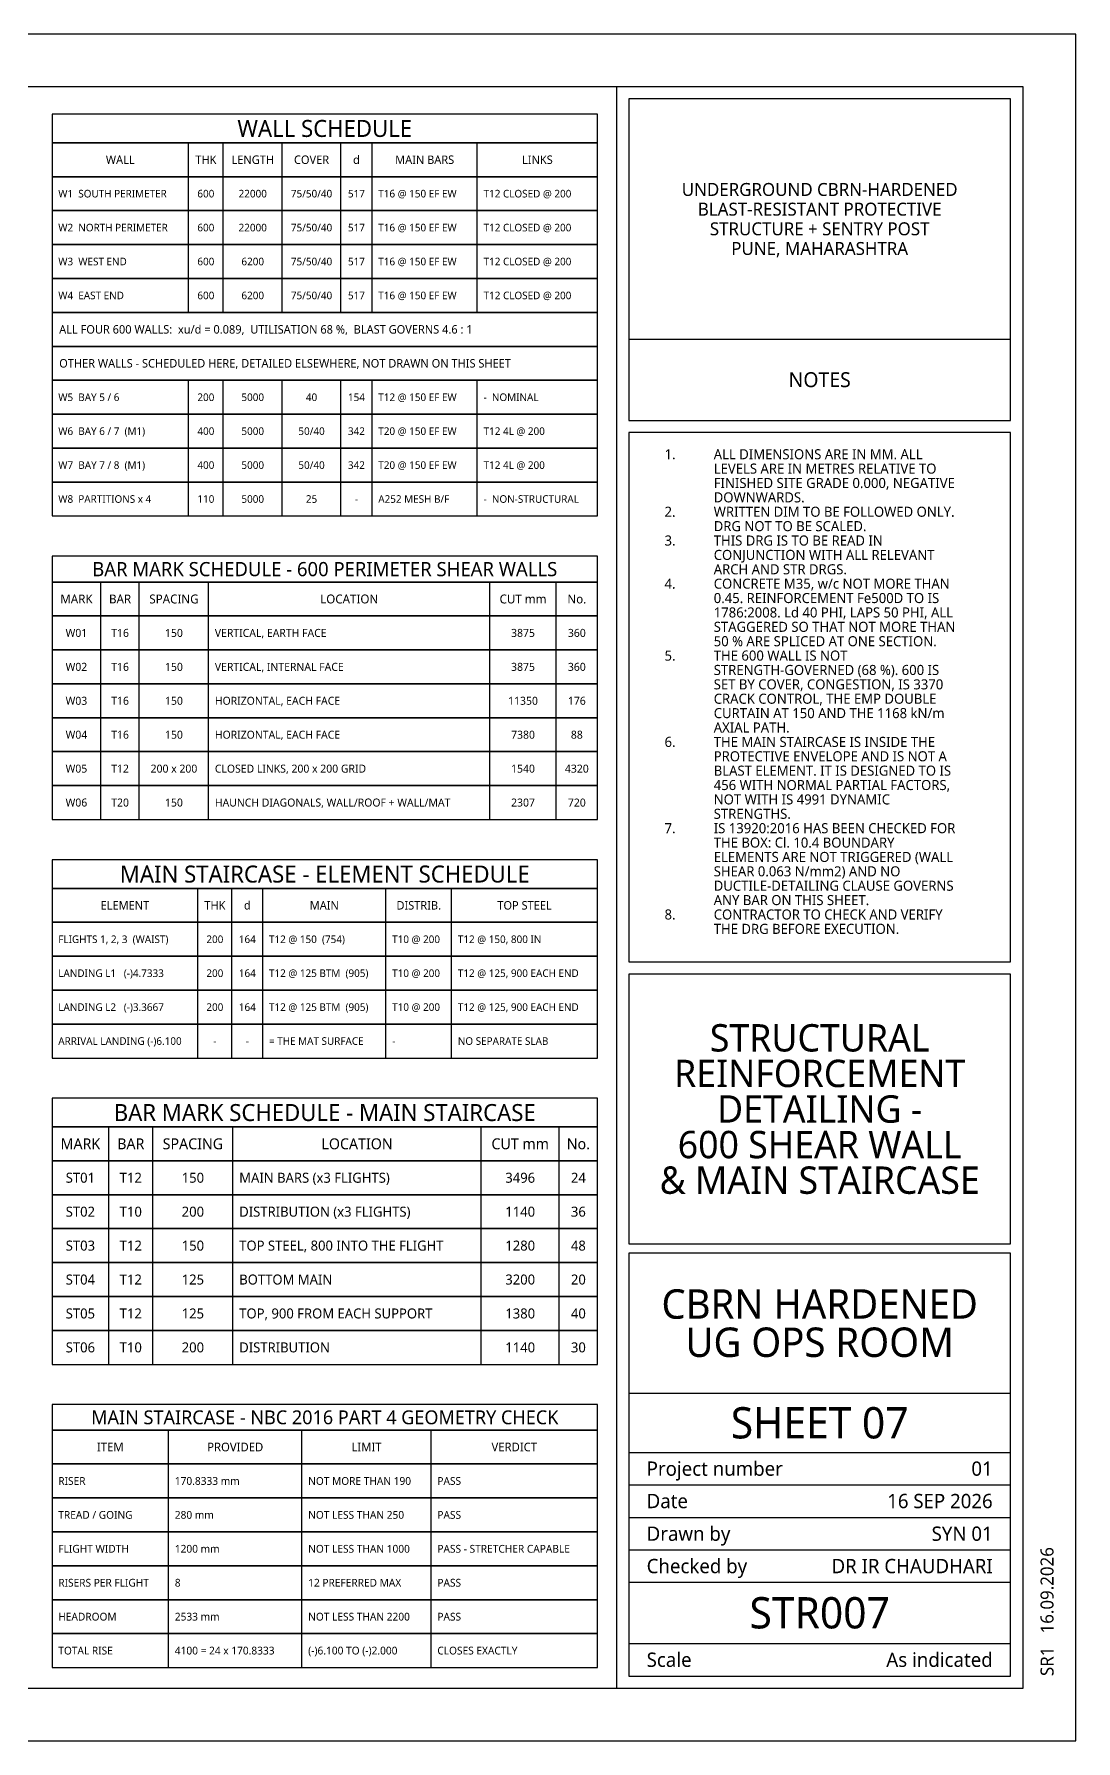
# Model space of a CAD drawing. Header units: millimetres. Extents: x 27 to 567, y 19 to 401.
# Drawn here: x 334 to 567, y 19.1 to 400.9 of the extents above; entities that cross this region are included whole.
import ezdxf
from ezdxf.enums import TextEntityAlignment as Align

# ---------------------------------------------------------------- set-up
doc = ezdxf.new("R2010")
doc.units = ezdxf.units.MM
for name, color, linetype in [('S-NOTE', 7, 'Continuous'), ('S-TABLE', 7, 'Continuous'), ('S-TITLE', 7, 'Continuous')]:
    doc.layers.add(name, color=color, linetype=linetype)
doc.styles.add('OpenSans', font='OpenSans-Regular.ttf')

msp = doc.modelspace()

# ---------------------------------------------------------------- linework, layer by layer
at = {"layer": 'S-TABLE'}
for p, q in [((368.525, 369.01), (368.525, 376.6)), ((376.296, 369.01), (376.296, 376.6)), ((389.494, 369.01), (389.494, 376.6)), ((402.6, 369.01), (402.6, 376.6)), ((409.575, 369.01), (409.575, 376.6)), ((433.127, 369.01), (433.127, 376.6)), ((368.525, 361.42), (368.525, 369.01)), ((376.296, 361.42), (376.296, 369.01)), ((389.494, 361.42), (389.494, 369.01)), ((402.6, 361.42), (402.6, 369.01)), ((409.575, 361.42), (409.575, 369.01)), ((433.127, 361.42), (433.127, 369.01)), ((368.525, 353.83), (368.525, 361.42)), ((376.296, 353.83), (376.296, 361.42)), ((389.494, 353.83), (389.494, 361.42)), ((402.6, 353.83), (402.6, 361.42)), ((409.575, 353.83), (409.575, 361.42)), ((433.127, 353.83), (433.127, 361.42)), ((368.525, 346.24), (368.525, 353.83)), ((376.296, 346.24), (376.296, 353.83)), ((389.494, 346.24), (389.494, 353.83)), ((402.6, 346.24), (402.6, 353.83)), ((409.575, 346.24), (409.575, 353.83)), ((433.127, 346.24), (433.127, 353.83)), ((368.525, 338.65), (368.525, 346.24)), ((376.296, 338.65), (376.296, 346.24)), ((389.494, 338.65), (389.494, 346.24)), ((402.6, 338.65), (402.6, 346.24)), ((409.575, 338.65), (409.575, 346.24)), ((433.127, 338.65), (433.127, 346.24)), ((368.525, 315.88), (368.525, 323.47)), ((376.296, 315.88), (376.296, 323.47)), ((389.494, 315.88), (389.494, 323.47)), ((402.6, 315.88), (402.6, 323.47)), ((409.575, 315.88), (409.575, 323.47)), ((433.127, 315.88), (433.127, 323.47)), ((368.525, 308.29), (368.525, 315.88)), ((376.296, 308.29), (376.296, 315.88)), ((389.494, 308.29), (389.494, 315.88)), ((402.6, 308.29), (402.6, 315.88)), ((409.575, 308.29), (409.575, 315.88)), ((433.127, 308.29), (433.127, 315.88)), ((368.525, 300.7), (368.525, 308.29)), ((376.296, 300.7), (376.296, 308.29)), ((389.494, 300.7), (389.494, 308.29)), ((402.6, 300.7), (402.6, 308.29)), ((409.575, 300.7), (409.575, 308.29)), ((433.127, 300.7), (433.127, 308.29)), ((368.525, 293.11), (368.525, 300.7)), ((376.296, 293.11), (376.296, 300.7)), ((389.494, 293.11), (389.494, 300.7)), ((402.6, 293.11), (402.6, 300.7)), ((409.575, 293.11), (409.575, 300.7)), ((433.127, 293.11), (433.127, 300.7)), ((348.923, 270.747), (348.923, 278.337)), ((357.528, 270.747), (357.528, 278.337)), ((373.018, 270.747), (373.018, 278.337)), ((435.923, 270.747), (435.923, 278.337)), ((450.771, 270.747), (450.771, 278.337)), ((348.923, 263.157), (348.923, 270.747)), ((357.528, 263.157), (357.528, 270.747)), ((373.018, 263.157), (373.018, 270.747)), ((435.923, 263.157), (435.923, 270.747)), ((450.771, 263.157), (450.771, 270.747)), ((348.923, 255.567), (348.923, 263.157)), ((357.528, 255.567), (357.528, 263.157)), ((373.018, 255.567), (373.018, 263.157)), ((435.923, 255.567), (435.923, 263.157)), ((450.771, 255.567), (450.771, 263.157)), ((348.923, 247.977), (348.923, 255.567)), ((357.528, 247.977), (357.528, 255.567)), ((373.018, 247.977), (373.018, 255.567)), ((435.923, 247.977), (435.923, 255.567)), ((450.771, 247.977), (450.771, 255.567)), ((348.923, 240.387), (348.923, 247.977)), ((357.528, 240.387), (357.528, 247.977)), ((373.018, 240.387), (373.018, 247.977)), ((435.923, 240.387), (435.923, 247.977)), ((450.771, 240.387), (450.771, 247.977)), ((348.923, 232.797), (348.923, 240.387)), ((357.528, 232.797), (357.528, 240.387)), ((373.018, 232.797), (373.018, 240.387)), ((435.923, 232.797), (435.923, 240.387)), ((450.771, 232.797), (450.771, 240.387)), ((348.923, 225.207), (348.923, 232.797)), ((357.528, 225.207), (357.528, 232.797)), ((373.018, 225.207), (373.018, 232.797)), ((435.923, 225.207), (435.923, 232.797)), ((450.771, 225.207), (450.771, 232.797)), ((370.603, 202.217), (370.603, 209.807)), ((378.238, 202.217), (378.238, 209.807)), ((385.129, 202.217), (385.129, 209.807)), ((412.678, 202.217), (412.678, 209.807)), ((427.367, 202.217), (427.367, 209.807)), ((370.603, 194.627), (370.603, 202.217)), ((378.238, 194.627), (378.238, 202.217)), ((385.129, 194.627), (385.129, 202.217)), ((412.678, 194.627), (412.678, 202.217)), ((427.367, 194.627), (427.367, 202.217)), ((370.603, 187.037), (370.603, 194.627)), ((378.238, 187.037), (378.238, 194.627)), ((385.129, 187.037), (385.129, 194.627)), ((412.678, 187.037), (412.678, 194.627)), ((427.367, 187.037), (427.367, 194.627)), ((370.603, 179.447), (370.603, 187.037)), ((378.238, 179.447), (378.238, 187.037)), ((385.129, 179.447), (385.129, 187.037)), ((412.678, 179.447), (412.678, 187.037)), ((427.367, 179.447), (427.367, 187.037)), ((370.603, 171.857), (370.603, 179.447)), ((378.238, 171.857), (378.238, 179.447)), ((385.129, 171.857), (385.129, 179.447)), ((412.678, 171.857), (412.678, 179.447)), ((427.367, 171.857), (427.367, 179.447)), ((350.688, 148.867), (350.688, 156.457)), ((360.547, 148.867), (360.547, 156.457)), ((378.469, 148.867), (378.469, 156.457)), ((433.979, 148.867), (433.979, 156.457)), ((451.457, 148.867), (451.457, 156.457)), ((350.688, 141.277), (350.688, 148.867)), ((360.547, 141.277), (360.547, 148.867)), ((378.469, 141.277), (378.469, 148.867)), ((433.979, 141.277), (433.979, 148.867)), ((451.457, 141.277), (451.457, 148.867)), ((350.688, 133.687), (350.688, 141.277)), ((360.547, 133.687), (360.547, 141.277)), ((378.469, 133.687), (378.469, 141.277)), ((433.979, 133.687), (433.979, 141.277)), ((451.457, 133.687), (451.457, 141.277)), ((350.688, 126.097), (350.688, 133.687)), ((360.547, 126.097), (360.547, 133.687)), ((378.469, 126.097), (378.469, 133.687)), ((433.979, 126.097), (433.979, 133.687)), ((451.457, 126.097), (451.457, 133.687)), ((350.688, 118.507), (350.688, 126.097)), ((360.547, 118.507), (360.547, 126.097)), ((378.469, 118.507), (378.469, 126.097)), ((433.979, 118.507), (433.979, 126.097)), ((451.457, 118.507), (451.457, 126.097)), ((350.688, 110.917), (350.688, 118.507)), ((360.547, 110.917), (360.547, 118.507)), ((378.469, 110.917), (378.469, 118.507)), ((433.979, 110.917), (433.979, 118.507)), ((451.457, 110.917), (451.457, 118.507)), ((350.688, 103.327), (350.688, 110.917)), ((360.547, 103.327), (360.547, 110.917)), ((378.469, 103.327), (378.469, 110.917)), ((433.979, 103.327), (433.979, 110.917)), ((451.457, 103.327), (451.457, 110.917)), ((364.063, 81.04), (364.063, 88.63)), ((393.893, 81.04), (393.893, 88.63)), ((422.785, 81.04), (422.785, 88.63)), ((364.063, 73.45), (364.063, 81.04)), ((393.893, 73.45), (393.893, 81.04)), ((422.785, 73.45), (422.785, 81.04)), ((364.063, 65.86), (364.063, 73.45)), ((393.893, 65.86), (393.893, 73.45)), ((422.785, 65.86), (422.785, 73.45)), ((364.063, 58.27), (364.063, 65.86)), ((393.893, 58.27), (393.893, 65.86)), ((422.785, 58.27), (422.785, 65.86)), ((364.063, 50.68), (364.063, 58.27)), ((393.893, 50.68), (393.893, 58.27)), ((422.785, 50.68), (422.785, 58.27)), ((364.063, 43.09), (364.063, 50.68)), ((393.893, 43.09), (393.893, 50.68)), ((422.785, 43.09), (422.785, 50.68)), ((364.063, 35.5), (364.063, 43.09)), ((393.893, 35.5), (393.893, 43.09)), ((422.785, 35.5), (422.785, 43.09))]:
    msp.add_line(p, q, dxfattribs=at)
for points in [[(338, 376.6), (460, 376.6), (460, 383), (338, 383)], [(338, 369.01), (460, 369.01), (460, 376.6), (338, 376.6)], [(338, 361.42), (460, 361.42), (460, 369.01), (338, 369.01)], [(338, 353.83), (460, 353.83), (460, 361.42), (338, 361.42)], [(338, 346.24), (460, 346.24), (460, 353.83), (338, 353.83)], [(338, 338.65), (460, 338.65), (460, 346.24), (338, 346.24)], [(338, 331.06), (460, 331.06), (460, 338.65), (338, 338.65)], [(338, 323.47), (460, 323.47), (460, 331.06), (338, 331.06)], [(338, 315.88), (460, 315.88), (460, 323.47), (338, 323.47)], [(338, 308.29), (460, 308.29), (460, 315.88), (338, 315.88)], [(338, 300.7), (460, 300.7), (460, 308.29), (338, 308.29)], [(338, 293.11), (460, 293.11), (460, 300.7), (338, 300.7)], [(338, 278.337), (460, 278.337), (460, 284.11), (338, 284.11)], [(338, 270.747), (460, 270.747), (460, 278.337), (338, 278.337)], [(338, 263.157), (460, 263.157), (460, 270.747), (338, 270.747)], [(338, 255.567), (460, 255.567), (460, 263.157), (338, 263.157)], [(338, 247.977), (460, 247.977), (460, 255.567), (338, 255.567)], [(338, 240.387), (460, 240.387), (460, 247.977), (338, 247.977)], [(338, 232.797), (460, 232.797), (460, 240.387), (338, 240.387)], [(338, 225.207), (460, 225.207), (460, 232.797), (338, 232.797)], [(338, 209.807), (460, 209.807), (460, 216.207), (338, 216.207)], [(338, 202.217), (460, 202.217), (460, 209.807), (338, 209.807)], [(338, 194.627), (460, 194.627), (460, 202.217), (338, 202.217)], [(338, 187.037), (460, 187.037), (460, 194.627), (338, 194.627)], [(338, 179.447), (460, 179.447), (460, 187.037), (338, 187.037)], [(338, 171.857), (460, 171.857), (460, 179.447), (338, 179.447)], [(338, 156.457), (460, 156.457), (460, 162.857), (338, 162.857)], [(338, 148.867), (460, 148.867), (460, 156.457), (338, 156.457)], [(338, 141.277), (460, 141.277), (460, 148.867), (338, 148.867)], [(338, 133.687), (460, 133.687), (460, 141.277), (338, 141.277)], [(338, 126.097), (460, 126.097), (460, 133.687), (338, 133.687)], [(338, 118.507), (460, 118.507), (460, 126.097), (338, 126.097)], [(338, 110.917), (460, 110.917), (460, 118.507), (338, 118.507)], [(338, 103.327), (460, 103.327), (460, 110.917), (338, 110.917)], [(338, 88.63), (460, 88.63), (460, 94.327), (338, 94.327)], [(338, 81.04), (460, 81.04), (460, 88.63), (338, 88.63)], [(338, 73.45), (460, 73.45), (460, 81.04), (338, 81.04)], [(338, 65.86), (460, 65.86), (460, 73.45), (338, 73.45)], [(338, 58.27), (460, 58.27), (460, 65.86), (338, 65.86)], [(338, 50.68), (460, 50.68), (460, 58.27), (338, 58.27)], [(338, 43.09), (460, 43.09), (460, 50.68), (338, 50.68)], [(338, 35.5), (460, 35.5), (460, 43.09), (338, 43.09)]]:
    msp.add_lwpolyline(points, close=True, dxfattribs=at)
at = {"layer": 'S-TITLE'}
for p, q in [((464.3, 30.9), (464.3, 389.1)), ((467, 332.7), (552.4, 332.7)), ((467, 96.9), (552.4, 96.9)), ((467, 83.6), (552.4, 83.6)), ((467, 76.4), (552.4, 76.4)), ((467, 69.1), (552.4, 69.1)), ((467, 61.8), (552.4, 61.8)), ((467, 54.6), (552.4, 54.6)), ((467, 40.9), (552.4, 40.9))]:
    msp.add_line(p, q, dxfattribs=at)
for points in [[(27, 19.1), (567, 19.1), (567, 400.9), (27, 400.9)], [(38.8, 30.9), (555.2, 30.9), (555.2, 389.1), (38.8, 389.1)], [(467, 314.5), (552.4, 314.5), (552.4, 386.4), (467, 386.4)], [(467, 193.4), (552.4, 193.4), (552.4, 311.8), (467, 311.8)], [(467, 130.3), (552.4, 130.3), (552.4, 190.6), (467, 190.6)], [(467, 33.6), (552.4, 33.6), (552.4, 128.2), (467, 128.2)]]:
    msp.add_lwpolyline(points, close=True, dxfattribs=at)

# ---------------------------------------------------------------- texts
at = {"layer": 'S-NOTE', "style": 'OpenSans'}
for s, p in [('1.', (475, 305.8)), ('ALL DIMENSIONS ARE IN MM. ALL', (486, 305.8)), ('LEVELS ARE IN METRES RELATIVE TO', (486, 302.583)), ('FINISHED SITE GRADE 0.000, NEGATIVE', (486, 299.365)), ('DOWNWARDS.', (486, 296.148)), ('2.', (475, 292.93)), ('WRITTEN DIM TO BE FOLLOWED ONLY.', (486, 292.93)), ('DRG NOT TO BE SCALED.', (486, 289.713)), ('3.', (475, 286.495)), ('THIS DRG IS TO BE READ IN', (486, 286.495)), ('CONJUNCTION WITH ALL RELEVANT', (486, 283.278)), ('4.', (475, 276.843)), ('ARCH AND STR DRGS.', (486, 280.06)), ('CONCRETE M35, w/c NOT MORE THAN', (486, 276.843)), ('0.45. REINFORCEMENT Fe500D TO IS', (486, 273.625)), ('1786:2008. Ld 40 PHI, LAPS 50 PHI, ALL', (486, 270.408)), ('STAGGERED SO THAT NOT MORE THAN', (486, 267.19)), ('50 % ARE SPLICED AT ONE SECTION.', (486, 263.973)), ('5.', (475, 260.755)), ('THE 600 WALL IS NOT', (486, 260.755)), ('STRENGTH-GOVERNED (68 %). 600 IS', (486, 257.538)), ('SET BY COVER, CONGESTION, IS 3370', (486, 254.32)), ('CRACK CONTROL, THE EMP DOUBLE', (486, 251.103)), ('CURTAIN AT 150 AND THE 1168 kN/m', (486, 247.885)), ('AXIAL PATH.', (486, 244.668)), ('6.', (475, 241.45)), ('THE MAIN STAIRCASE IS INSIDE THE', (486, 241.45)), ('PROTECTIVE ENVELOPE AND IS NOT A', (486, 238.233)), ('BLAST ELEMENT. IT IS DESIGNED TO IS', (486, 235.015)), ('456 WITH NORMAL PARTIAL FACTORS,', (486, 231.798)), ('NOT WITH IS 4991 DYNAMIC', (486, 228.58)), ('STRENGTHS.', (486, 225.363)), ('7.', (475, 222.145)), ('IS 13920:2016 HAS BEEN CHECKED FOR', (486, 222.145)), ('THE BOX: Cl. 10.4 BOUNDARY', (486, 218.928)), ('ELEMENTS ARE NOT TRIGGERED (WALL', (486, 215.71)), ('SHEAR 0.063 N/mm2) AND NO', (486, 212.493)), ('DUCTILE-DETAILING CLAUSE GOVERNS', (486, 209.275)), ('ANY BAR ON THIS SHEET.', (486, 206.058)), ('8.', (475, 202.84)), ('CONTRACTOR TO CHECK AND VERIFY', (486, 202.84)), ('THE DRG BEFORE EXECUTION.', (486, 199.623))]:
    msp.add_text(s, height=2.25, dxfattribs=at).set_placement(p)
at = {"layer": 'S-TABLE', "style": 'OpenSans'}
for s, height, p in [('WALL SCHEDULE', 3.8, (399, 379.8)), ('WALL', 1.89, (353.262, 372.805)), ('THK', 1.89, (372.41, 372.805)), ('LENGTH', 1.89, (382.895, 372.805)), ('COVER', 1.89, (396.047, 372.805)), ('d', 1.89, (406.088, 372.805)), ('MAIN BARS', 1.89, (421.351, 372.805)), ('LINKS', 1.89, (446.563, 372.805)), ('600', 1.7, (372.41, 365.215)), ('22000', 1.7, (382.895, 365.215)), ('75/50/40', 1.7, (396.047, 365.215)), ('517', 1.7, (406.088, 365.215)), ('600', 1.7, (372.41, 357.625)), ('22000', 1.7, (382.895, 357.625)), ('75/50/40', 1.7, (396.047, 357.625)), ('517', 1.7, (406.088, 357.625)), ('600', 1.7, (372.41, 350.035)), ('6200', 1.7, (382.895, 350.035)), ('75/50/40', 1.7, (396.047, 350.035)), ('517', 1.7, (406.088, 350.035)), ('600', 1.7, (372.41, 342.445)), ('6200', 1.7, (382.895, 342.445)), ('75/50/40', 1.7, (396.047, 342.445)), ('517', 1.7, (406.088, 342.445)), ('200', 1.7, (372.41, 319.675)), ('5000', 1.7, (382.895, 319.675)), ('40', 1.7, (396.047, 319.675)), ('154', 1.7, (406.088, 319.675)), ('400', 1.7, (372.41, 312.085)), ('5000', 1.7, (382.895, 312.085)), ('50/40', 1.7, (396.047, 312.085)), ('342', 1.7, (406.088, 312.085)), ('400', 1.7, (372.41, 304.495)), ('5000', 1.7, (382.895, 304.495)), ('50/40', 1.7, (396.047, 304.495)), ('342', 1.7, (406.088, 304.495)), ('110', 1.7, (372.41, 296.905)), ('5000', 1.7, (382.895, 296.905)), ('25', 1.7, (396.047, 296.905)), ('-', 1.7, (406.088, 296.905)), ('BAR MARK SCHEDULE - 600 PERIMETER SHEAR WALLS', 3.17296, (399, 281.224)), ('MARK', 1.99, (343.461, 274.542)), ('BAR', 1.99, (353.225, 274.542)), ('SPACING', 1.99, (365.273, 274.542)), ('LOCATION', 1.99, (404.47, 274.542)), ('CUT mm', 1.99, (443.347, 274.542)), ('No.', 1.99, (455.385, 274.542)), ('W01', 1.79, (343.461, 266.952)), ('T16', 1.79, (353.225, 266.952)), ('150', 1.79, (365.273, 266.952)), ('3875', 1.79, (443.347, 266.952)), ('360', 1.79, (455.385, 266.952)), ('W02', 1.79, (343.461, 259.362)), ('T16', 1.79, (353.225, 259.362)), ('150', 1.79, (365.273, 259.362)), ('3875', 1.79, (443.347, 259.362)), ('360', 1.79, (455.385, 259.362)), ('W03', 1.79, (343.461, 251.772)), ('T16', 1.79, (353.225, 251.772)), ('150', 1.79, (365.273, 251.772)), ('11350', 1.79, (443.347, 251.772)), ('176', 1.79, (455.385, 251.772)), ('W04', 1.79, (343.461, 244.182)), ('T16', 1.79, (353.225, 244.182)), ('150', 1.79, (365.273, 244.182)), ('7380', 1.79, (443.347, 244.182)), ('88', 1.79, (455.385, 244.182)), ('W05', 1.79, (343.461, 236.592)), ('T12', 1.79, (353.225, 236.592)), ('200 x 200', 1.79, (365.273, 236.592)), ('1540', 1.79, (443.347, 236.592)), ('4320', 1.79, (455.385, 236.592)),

☆ ☆ ☆ ☆

:: How to complete this task ::
Only lines with the word "units" go in the answer. Take them all from the entries above.

:: Response to this exercise ::
# Model space of a CAD drawing. Header units: millimetres. Extents: x 27 to 567, y 19 to 401.
doc.units = ezdxf.units.MM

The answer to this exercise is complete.